● **AIM OF THE TASK**: Please quote exactly the lines below from the line containing "constraint symmetric L50 L55.end L54.end" to the line containing "line L12 (-8.9882, 13.6)", both lines included, and nothing else.

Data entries

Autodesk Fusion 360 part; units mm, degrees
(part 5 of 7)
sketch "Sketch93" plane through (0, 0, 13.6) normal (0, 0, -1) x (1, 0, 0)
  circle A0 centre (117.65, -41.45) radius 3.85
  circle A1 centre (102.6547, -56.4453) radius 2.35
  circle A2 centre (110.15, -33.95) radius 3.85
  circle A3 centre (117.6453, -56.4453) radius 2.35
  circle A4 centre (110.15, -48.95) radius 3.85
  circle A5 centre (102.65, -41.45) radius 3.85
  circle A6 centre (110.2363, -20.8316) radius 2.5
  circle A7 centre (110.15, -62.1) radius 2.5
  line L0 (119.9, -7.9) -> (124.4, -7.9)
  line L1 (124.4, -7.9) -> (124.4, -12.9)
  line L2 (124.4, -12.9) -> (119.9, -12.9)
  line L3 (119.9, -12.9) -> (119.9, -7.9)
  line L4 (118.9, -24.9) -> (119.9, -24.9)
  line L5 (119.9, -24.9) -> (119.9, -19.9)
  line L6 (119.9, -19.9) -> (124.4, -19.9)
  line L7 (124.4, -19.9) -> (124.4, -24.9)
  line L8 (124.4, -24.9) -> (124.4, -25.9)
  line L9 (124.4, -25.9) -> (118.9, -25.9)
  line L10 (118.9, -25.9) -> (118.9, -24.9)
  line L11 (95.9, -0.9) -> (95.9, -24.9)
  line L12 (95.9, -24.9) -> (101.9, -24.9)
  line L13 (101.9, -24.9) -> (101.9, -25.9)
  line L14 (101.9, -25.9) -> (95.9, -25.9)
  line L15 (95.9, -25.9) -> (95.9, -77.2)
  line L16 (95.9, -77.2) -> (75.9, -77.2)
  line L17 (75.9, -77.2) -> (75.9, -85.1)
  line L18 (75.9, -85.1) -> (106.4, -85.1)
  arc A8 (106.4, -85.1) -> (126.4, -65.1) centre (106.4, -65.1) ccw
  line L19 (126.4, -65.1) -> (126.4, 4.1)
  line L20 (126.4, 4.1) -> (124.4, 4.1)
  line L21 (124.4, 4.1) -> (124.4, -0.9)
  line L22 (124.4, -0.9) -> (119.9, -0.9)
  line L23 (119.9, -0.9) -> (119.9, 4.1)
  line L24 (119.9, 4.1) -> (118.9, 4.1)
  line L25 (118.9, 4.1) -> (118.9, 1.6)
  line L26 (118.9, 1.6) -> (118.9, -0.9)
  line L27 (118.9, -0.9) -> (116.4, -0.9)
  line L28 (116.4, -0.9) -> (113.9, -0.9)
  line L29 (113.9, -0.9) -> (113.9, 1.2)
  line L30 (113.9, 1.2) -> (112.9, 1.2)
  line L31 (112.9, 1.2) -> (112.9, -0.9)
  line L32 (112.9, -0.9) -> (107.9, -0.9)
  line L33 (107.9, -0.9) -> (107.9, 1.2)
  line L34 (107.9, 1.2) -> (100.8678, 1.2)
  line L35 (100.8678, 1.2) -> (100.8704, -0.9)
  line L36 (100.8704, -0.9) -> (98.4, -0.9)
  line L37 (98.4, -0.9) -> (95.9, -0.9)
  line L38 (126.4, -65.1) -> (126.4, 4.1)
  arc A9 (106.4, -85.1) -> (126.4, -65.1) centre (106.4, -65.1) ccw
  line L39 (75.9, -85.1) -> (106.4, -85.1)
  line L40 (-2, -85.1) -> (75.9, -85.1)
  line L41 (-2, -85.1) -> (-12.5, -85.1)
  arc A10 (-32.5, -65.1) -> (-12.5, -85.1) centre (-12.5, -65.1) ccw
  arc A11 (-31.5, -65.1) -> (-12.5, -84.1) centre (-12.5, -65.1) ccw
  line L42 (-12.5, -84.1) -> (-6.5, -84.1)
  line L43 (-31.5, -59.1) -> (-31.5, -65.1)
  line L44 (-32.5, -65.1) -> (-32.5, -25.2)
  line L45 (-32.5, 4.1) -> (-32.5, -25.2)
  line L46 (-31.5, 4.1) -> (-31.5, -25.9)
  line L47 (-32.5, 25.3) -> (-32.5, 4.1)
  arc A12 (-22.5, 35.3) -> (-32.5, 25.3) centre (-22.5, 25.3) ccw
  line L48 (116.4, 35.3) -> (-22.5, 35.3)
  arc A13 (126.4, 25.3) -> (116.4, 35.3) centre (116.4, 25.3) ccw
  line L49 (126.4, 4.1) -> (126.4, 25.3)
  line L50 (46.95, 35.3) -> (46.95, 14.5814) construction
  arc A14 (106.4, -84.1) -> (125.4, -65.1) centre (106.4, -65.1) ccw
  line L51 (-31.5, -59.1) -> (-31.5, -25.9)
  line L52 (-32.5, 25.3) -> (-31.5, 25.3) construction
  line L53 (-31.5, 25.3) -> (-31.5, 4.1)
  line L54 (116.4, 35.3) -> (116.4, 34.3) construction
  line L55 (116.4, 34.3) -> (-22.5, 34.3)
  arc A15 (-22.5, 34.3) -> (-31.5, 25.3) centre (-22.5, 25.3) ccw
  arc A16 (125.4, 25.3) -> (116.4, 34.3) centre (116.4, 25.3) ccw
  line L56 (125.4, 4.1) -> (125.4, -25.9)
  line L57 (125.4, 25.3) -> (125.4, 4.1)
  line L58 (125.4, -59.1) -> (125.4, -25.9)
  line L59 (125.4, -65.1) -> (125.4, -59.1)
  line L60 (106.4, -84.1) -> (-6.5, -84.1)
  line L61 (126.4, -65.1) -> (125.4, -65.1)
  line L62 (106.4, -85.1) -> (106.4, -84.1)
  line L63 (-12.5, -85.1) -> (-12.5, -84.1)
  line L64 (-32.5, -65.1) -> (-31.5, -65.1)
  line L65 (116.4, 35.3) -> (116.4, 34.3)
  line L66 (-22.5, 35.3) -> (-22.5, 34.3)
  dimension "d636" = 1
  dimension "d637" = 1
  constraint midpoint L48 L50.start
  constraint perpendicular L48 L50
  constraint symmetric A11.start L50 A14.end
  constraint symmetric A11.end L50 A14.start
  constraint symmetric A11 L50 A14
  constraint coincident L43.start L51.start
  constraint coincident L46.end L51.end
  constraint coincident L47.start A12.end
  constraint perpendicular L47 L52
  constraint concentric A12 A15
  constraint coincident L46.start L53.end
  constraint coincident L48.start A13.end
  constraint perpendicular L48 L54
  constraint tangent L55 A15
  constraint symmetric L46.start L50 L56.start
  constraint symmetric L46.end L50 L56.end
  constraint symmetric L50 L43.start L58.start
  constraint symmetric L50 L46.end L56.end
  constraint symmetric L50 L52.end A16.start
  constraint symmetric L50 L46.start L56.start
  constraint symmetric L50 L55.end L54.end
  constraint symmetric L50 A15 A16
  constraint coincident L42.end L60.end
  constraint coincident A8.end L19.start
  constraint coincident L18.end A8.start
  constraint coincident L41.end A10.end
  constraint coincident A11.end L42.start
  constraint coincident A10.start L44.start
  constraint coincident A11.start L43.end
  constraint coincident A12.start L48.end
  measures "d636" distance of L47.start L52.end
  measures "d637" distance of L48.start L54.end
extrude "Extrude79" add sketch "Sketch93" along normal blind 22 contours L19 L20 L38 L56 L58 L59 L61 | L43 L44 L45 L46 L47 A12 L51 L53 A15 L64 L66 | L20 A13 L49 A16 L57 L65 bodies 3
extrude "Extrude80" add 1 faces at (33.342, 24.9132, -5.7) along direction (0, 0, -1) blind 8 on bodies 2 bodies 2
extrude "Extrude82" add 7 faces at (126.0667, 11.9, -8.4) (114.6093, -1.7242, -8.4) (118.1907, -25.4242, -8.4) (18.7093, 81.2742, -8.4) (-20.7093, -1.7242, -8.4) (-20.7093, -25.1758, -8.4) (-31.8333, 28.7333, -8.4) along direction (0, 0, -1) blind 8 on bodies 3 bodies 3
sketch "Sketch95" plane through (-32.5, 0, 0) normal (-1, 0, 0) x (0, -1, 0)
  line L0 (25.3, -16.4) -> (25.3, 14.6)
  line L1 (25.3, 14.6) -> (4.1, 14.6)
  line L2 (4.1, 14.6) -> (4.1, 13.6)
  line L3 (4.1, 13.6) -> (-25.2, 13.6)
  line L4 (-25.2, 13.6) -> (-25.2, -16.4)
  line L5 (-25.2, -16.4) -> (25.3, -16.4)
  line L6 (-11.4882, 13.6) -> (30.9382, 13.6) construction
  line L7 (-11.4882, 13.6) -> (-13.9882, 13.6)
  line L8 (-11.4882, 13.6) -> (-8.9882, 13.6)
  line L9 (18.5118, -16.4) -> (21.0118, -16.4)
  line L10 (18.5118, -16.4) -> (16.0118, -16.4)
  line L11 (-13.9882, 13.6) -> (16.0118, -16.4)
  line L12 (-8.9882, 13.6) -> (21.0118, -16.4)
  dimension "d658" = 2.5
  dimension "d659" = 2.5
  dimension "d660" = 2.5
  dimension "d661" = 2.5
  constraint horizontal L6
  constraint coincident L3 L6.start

● **RESPONSE TO THIS EXERCISE**:
  constraint symmetric L50 L55.end L54.end
  constraint symmetric L50 A15 A16
  constraint coincident L42.end L60.end
  constraint coincident A8.end L19.start
  constraint coincident L18.end A8.start
  constraint coincident L41.end A10.end
  constraint coincident A11.end L42.start
  constraint coincident A10.start L44.start
  constraint coincident A11.start L43.end
  constraint coincident A12.start L48.end
  measures "d636" distance of L47.start L52.end
  measures "d637" distance of L48.start L54.end
extrude "Extrude79" add sketch "Sketch93" along normal blind 22 contours L19 L20 L38 L56 L58 L59 L61 | L43 L44 L45 L46 L47 A12 L51 L53 A15 L64 L66 | L20 A13 L49 A16 L57 L65 bodies 3
extrude "Extrude80" add 1 faces at (33.342, 24.9132, -5.7) along direction (0, 0, -1) blind 8 on bodies 2 bodies 2
extrude "Extrude82" add 7 faces at (126.0667, 11.9, -8.4) (114.6093, -1.7242, -8.4) (118.1907, -25.4242, -8.4) (18.7093, 81.2742, -8.4) (-20.7093, -1.7242, -8.4) (-20.7093, -25.1758, -8.4) (-31.8333, 28.7333, -8.4) along direction (0, 0, -1) blind 8 on bodies 3 bodies 3
sketch "Sketch95" plane through (-32.5, 0, 0) normal (-1, 0, 0) x (0, -1, 0)
  line L0 (25.3, -16.4) -> (25.3, 14.6)
  line L1 (25.3, 14.6) -> (4.1, 14.6)
  line L2 (4.1, 14.6) -> (4.1, 13.6)
  line L3 (4.1, 13.6) -> (-25.2, 13.6)
  line L4 (-25.2, 13.6) -> (-25.2, -16.4)
  line L5 (-25.2, -16.4) -> (25.3, -16.4)
  line L6 (-11.4882, 13.6) -> (30.9382, 13.6) construction
  line L7 (-11.4882, 13.6) -> (-13.9882, 13.6)
  line L8 (-11.4882, 13.6) -> (-8.9882, 13.6)
  line L9 (18.5118, -16.4) -> (21.0118, -16.4)
  line L10 (18.5118, -16.4) -> (16.0118, -16.4)
  line L11 (-13.9882, 13.6) -> (16.0118, -16.4)
  line L12 (-8.9882, 13.6) -> (21.0118, -16.4)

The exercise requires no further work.